BEGIN RECORDS SUPPLIED

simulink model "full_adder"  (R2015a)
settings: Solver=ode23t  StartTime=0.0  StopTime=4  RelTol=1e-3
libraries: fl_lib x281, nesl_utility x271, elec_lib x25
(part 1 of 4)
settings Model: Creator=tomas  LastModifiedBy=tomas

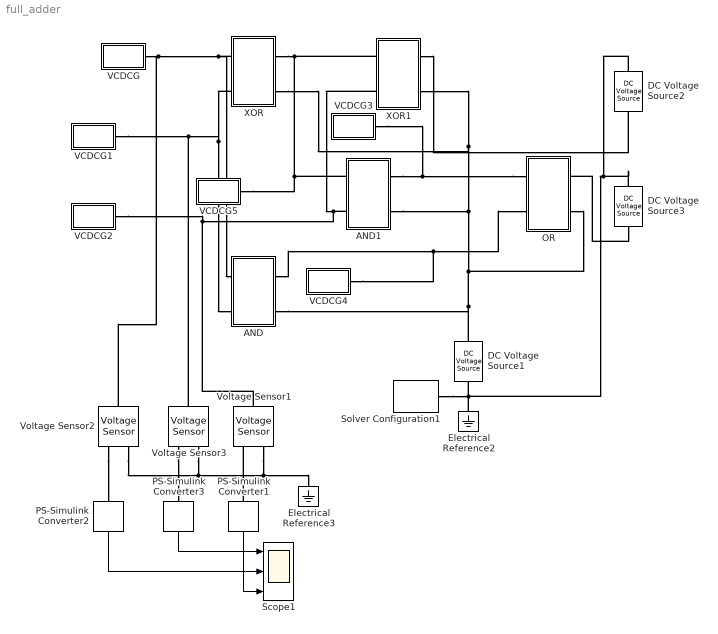
== system full_adder ==
  AND : Subsystem
  AND1 : Subsystem
  DC Voltage Source1 : fl_lib/Electrical/Electrical Sources/DC Voltage Source  v0=1 V
  DC Voltage Source2 : fl_lib/Electrical/Electrical Sources/DC Voltage Source  v0=1 V
  DC Voltage Source3 : fl_lib/Electrical/Electrical Sources/DC Voltage Source  v0=1 V
  Electrical Reference2 : fl_lib/Electrical/Electrical Elements/Electrical Reference
  Electrical Reference3 : fl_lib/Electrical/Electrical Elements/Electrical Reference
  OR : Subsystem
  PS-Simulink Converter1 : nesl_utility/PS-Simulink Converter  PhysicalDomain=network_engine_domain  SubClassName=ps_output  LeftPortType=input  RightPortType=output  PseudoPeriodic=off  Frequencies=[]  Unit=1  AffineConversion=off
  PS-Simulink Converter2 : nesl_utility/PS-Simulink Converter  PhysicalDomain=network_engine_domain  SubClassName=ps_output  LeftPortType=input  RightPortType=output  PseudoPeriodic=off  Frequencies=[]  Unit=1  AffineConversion=off
  PS-Simulink Converter3 : nesl_utility/PS-Simulink Converter  PhysicalDomain=network_engine_domain  SubClassName=ps_output  LeftPortType=input  RightPortType=output  PseudoPeriodic=off  Frequencies=[]  Unit=1  AffineConversion=off
  Scope1 : Scope  NumInputPorts=3
      settings: YMin=-10~-11~-5.5  YMax=0~0~-0.5
  Solver Configuration1 : nesl_utility/Solver Configuration  PhysicalDomain=network_engine_domain  SubClassName=solver  LeftPortType=input  RightPortType=generic  Accelerate=off  Tones=[]  Harmonics=[]  SimulateNoise=off  Profile=off  UseLocalSampling=off  EnableSwitchedLinearOptims=on  FrequencyDomain=off  UseCCode=off  RelTol=0.001  AbsTol=1e-06  MinStep=1e-09  ToWorkspace=off  RevertToSquareIcSolve=off  NumHomotopyIterations=100  DoDC=off  ResidualTolerance=1e-09  UseLocalSolver=off  LocalSolverChoice=NE_BACKWARD_EULER_ADVANCER  LocalSolverSampleTime=0.001  DoFixedCost=off  MaxNonlinIter=3  MaxModeIter=2  LinearAlgebra=Sparse  DelaysMemoryBudget=1024  AutomaticFiltering=on  FilteringTimeConstant=0.001
  VCDCG : Subsystem
  VCDCG1 : Subsystem
  VCDCG2 : Subsystem
  VCDCG3 : Subsystem
  VCDCG4 : Subsystem
  VCDCG5 : Subsystem
  Voltage Sensor1 : fl_lib/Electrical/Electrical Sensors/Voltage Sensor
  Voltage Sensor2 : fl_lib/Electrical/Electrical Sensors/Voltage Sensor
  Voltage Sensor3 : fl_lib/Electrical/Electrical Sensors/Voltage Sensor
  XOR : Subsystem
  XOR1 : Subsystem
  wires:
  PS-Simulink Converter3/1 -> Scope1/1
  PS-Simulink Converter2/1 -> Scope1/2
  PS-Simulink Converter1/1 -> Scope1/3
  connections:
  Electrical Reference2/LConn1 -- DC Voltage Source3/LConn1 -- DC Voltage Source2/LConn1 -- DC Voltage Source1/RConn1 -- Solver Configuration1/RConn1
  DC Voltage Source1/LConn1 -- AND1/RConn2 -- XOR1/RConn2 -- XOR/RConn2 -- OR/RConn2 -- AND/RConn2
  XOR/LConn2 -- VCDCG1/RConn1 -- Voltage Sensor3/LConn1 -- AND/LConn2
  XOR/LConn1 -- Voltage Sensor2/LConn1 -- VCDCG/RConn1 -- AND/LConn1
  XOR/RConn1 -- XOR1/LConn1 -- AND1/LConn1 -- VCDCG5/RConn1
  OR/LConn1 -- AND1/RConn1 -- VCDCG3/RConn1
  AND/RConn1 -- VCDCG4/RConn1 -- OR/LConn2
  VCDCG2/RConn1 -- Voltage Sensor1/LConn1 -- AND1/LConn2 -- XOR1/LConn2
  Voltage Sensor3/RConn2 -- Voltage Sensor2/RConn2 -- Voltage Sensor1/RConn2 -- Electrical Reference3/LConn1
  Voltage Sensor2/RConn1 -- PS-Simulink Converter2/LConn1
  Voltage Sensor3/RConn1 -- PS-Simulink Converter3/LConn1
  PS-Simulink Converter1/LConn1 -- Voltage Sensor1/RConn1
  DC Voltage Source3/RConn1 -- OR/RConn1
  XOR1/RConn1 -- DC Voltage Source2/RConn1

== system full_adder/AND ==
  DCM : Subsystem
  DCM1 : Subsystem
  DCM2 : Subsystem
  Electrical Reference : fl_lib/Electrical/Electrical Elements/Electrical Reference
  Electrical Reference1 : fl_lib/Electrical/Electrical Elements/Electrical Reference
  Out Terminal : Constant  Value=[1 0 0 0; 0 1 0 0; 0 0 1 0; 2 2 -1 -2; -4 -4 7 2]  VectorParams1D=off
  Resistor : elec_lib/Passive Devices/Resistor  R=16 kOhm  noise_mode=0  Tdevice=25 C  sample_time=0.001 s  repeatability=1  auto_seed=1456083514  user_seed=0
  Resistor1 : elec_lib/Passive Devices/Resistor  R=16 kOhm  noise_mode=0  Tdevice=25 C  sample_time=0.001 s  repeatability=1  auto_seed=3847689602  user_seed=0
  Terminal1 : Constant  Value=[0 -1 1 1; 1 0 0 0; 0 0 1 0; 1 0 0 0; 4 1 -3 -1]  VectorParams1D=off
  Terminal2 : Constant  Value=[-1 0 1 1; 0 1 0 0; 0 0 1 0; 0 1 0 0; 1 4 -3 -1]  VectorParams1D=off
  Voltage Sensor{,1..3} (4 alike) : fl_lib/Electrical/Electrical Sensors/Voltage Sensor
  v1 : PMIOPort  Port=1  Side=Left
  v2 : PMIOPort  Port=2  Side=Left
  vo : PMIOPort  Port=3  Side=Right
  vc : PMIOPort  Port=4  Side=Right
  wires:
  Terminal2/1 -> DCM1/1(m)
  Out Terminal/1 -> DCM2/1(m)
  Terminal1/1 -> DCM/1(m)
  connections:
  Voltage Sensor/LConn1 -- DCM/RConn2 -- Resistor/LConn1 -- v1/RConn1
  Voltage Sensor1/LConn1 -- DCM1/RConn2 -- Resistor1/LConn1 -- v2/RConn1
  DCM2/RConn1 -- Voltage Sensor1/RConn1 -- DCM1/RConn1 -- DCM/RConn1
  DCM2/LConn1 -- DCM1/LConn1 -- DCM/LConn1 -- Voltage Sensor/RConn1
  Voltage Sensor2/LConn1 -- DCM2/RConn2 -- Resistor/RConn1 -- Resistor1/RConn1 -- vo/RConn1
  Voltage Sensor2/RConn2 -- Voltage Sensor1/RConn2 -- Electrical Reference/LConn1 -- Voltage Sensor/RConn2
  DCM2/LConn2 -- Voltage Sensor2/RConn1 -- DCM1/LConn2 -- DCM/LConn2
  Voltage Sensor3/LConn1 -- vc/RConn1
  DCM2/LConn3 -- DCM1/LConn3 -- DCM/LConn3 -- Voltage Sensor3/RConn1
  Voltage Sensor3/RConn2 -- Electrical Reference1/LConn1

== system full_adder/AND1 ==
  DCM : Subsystem
  DCM1 : Subsystem
  DCM2 : Subsystem
  Electrical Reference : fl_lib/Electrical/Electrical Elements/Electrical Reference
  Electrical Reference1 : fl_lib/Electrical/Electrical Elements/Electrical Reference
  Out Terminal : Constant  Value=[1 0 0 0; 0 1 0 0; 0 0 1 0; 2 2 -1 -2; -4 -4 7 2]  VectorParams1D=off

END RECORDS SUPPLIED

Output, line for line and exactly, the records above from their first line through the one with "AND : Subsystem", both ends included, but no pictures.

TASK ANSWER —
simulink model "full_adder"  (R2015a)
settings: Solver=ode23t  StartTime=0.0  StopTime=4  RelTol=1e-3
libraries: fl_lib x281, nesl_utility x271, elec_lib x25
(part 1 of 4)
settings Model: Creator=tomas  LastModifiedBy=tomas

== system full_adder ==
  AND : Subsystem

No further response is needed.